J’étais en avance sur #MeToo en publiant en 2007 mon roman Forêt profonde. Le monde des hommes n’aime pas que quelqu’un, et a fortiori quelqu’une d’entre eux, soit en avance. Le milieu littéraire s’est retourné contre moi – journalistes, éditeurs etc. -, les femmes autant que les hommes. Il faudra sans doute encore du temps pour combler l’avance, et alors ce roman pourra éclairer sur les phénomènes d’emprise, de manipulation, de violence.

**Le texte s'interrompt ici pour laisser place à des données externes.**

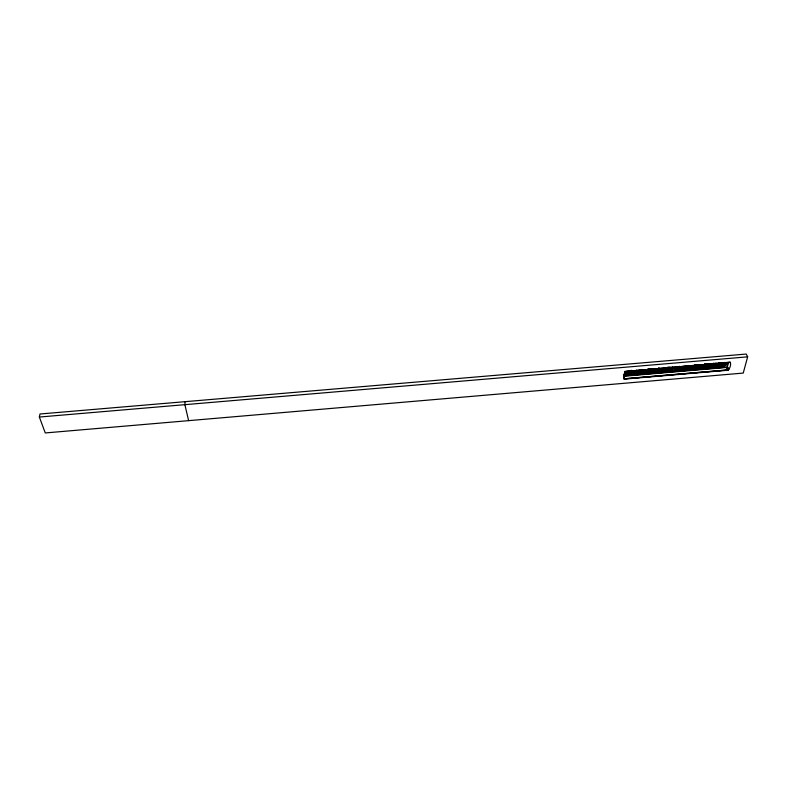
<?xml version="1.0" encoding="UTF-8"?>
<svg xmlns="http://www.w3.org/2000/svg" width="787" height="787" viewBox="0 0 787 787"><rect width="100%" height="100%" fill="white"/><g stroke="black" fill="none" stroke-linecap="round" stroke-linejoin="round"><path stroke-width="1.18" d="M664.297 367.982L663.677 368.493L664.061 367.913M691.616 365.621L685.91 366.171L686.402 366.565M725.466 362.453L721.797 362.709M185.093 401.675L184.876 404.675L188.624 420.652M636.899 370.313L631.597 371.228L631.213 370.274M693.219 365.985C691.183 365.306 698.895 367.057 698.295 364.765M719.908 363.23C720.803 365.512 727.631 361.636 724.984 363.279M625.075 371.513L730.395 362.207L624.544 371.494M39.35 417.041L39.999 413.992L746.263 354.052L747.65 356.836L743.243 373.077L45.272 432.948L39.35 417.041L747.65 356.836M728.418 369.89L623.865 378.842L728.418 369.89L727.247 367.411L728.516 362.463M625.94 371.425C623.717 371.976 622.989 379.364 624.662 379.098L727.886 370.264C729.51 370.205 731.91 362.689 729.864 362.571M712.038 364.007L706.549 364.774L706.923 363.988M651.646 368.709L652.148 369.477L657.411 368.719M679.004 366.349L679.574 367.145L684.759 366.358M706.303 363.988L706.844 364.824M727.886 370.264C724.778 367.736 728.172 365.217 728.506 369.556M629.964 371.12L624.484 371.749M672.364 367.145C673.17 370.028 679.889 365.532 677.302 367.342M718.629 363.24L718.187 363.85L718.846 363.191M691.37 365.591L690.986 366.171M658.65 367.913L659.073 368.887L663.628 368.503M636.624 370.303L636.289 370.834M699.722 364.765C699.112 366.103 705.998 365.945 705.083 364.037M686.008 365.562L685.92 366.201L688.861 365.512M713.347 363.191L713.652 364.243L718.187 363.85M652.069 368.719L652.236 369.477M679.506 366.349L679.574 367.145M633.614 371.582C630.102 373.53 648.154 369.477 633.82 371.887M631.351 372.605L631.745 371.828L631.508 372.91L626.659 373.008L631.39 372.93M643.186 370.244C645.763 368.896 636.329 370.677 638.532 370.638M631.125 373.461C644.268 375.369 630.141 370.441 630.613 374.415C638.09 375.379 637.863 372.005 631.095 374.622M631.154 373.786L630.899 374.317M624.14 374.897C630.535 377.003 631.627 371.415 624.278 374.051M654.263 370.146C657.863 372.713 663.766 367.431 653.987 370.972C651.036 367.844 668.399 370.608 654.223 369.821M642.448 373.333C645.684 372.723 635.414 375.153 638.041 373.195C653.564 371.484 626.422 374.415 642.487 373.658M667.809 368.67C664.208 371.798 682.447 366.25 667.888 368.66C682.496 366.84 664.031 371.946 668.015 368.965M656.092 372.162C659.604 368.896 641.995 374.573 656.053 372.172C660.795 370.775 641.621 373.776 656.132 372.487M665.654 369.998C668.36 367.785 658.955 368.375 660.765 370.087C677.637 367.991 649.442 371.238 665.438 369.703M681.453 367.499C677.863 370.746 696.249 364.834 681.67 367.804C695.747 365.611 677.764 370.825 681.67 367.804M672 369.979L671.557 370.766L677.243 370.195L671.685 371.051L677.115 369.88L672.216 370.284M669.727 371.002L670.396 370.667L669.806 371.316L664.74 371.444L669.767 371.326M685.625 368.818L685.192 369.595L690.13 369.26L690.622 368.513L685.664 368.818L690.829 368.916L690.051 369.27M695.216 366.653C690.888 366.722 709.874 365.453 695.157 366.329M685.841 369.123L685.3 369.89L690.189 369.585M701.886 365.758C698.325 369.182 716.691 362.876 702.102 366.063C716.239 363.889 698.128 369.044 702.102 366.063M716.131 363.191L713.602 363.446L713.652 364.243M699.722 367.096C703.342 365.158 685.536 369.133 699.495 366.801M706.155 367.391C701.679 367.499 720.971 366.162 706.096 367.067M722.279 364.027C718.62 366.044 736.76 361.863 722.505 364.322M717.203 366.949C720.292 365.198 710.415 366.84 712.658 366.919C729.362 365.886 701.66 368.375 717.341 367.263M723.981 366.378C727.149 364.548 716.967 366.349 719.485 366.319C736.12 365.345 708.398 367.765 724.119 366.683M631.823 370.372L631.184 370.834L631.676 371.228M640.5 370.992C636.752 372.969 655.109 368.896 640.667 371.297M659.24 368.041L658.591 368.493L659.073 368.887M644.996 371.444L645.694 371.1L645.114 371.759L640.018 371.877L645.114 371.759M628.744 374.504L629.393 374.11L628.882 373.658M674.675 368.08L674.203 368.867L679.742 367.991L674.715 368.07L679.879 368.296L674.538 368.926M674.843 368.385L674.587 369.241M665.231 370.559C661.434 372.585 679.742 368.414 665.399 370.864M693.111 366.831C685.211 365.424 687.208 370.884 693.485 367.263C693.239 365.994 693.613 367.883 688.291 368.07M683.431 369.005L678.237 369.969L683.332 369.841L683.519 368.995L684.051 369.615L683.51 370.146L678.719 370.234M683.608 369.31L678.906 369.723L678.768 370.549M713.445 365.099C699.741 365.719 715.285 366.781 713.593 365.424C698.679 368.296 715.275 363.023 713.297 364.784M715.521 364.597C711.605 367.736 730.395 362.04 715.708 364.902C729.706 362.777 711.753 367.873 715.708 364.902M703.834 367.263L698.63 368.168L703.716 368.1L703.912 367.263L704.444 367.873L703.903 368.405L699.112 368.493M704.05 367.568L699.279 367.991L699.161 368.808M696.889 368.69C699.751 366.535 690.061 368.601 692.235 368.68C709.057 367.568 680.981 370.126 697.026 368.995M631.41 371.769L626.206 372.733L631.617 372.074M645.301 370.057C643.304 368.985 651.302 371.218 650.465 368.719M651.951 370.018L652.433 370.411L647.18 370.451L647.268 371.572L652.561 370.628L647.357 371.562M670.465 367.923C673.288 366.585 663.815 367.883 665.832 368.306M652.069 370.323L647.15 371.257M638.109 372.035L638.857 371.71L638.227 372.349L633.171 372.408L638.227 372.349M692.885 366.526L688.182 366.939L688.074 367.765M644.642 373.146L649.846 372.212L644.75 372.3L644.278 373.068L649.964 372.497L649.314 373.068L644.278 373.068L644.681 373.461M662.998 370.746C655.364 368.985 657.017 375.369 663.549 371.572C663.343 369.988 663.903 372.359 658.414 372.29M663.205 371.051L658.198 371.985M726.667 364.479L727.473 364.125L726.814 364.784L721.827 364.902L726.814 364.784M710.415 367.529L711.212 367.175L710.563 367.844L705.565 367.962L710.563 367.844M639.831 369.693L642.113 369.497M647.829 369.005L650.465 368.887L649.954 369.664M667.219 367.352L669.501 367.165M694.547 365.03L697.961 364.735M624.396 374.366L628.961 373.973M624.258 375.212L628.813 374.819M624.219 375.881L727.336 367.076M727.247 367.411L623.629 376.265L624.662 379.098M700.037 365.404L699.427 364.843M672.708 367.726L672.137 367.175M626.777 373.323L626.619 373.008M698.226 364.774L697.764 365.591M719.957 363.279L720.449 363.663M727.375 366.909L728.703 369.693M704.631 363.85L705.152 364.253L704.572 365.011"/></g></svg>

C’est que je mouille ma chemise pour écrire, je ne me contente pas comme nombre de mes petit·e·s collègues de raconter ce qu’on m’a raconté, ce qui est arrivé aux autres, ce dont on parle. J’y vais, j’y plonge, j’expérimente, je prends connaissance de la question par tout mon corps et âme, pour mettre en forme et délivrer ce que j’ai ainsi appris, non pas en surface, mais profondément. Déjà, en 1999, mon roman Lilith contait la vengeance d’une femme puissante sur les hommes abuseurs, sur le patriarcat, sur les figures médiatiques et trompeuses. Et mon tout premier roman, Le boucher, en 1988, disait comment se relever de la mort.

Ce que les générations contemporaines ne peuvent voir, ne peuvent lire, les générations à venir le verront, le liront. Je suis heureuse du travail, des livres chauds comme pains sortis du four, que j’ai servis, que je sers et servirai.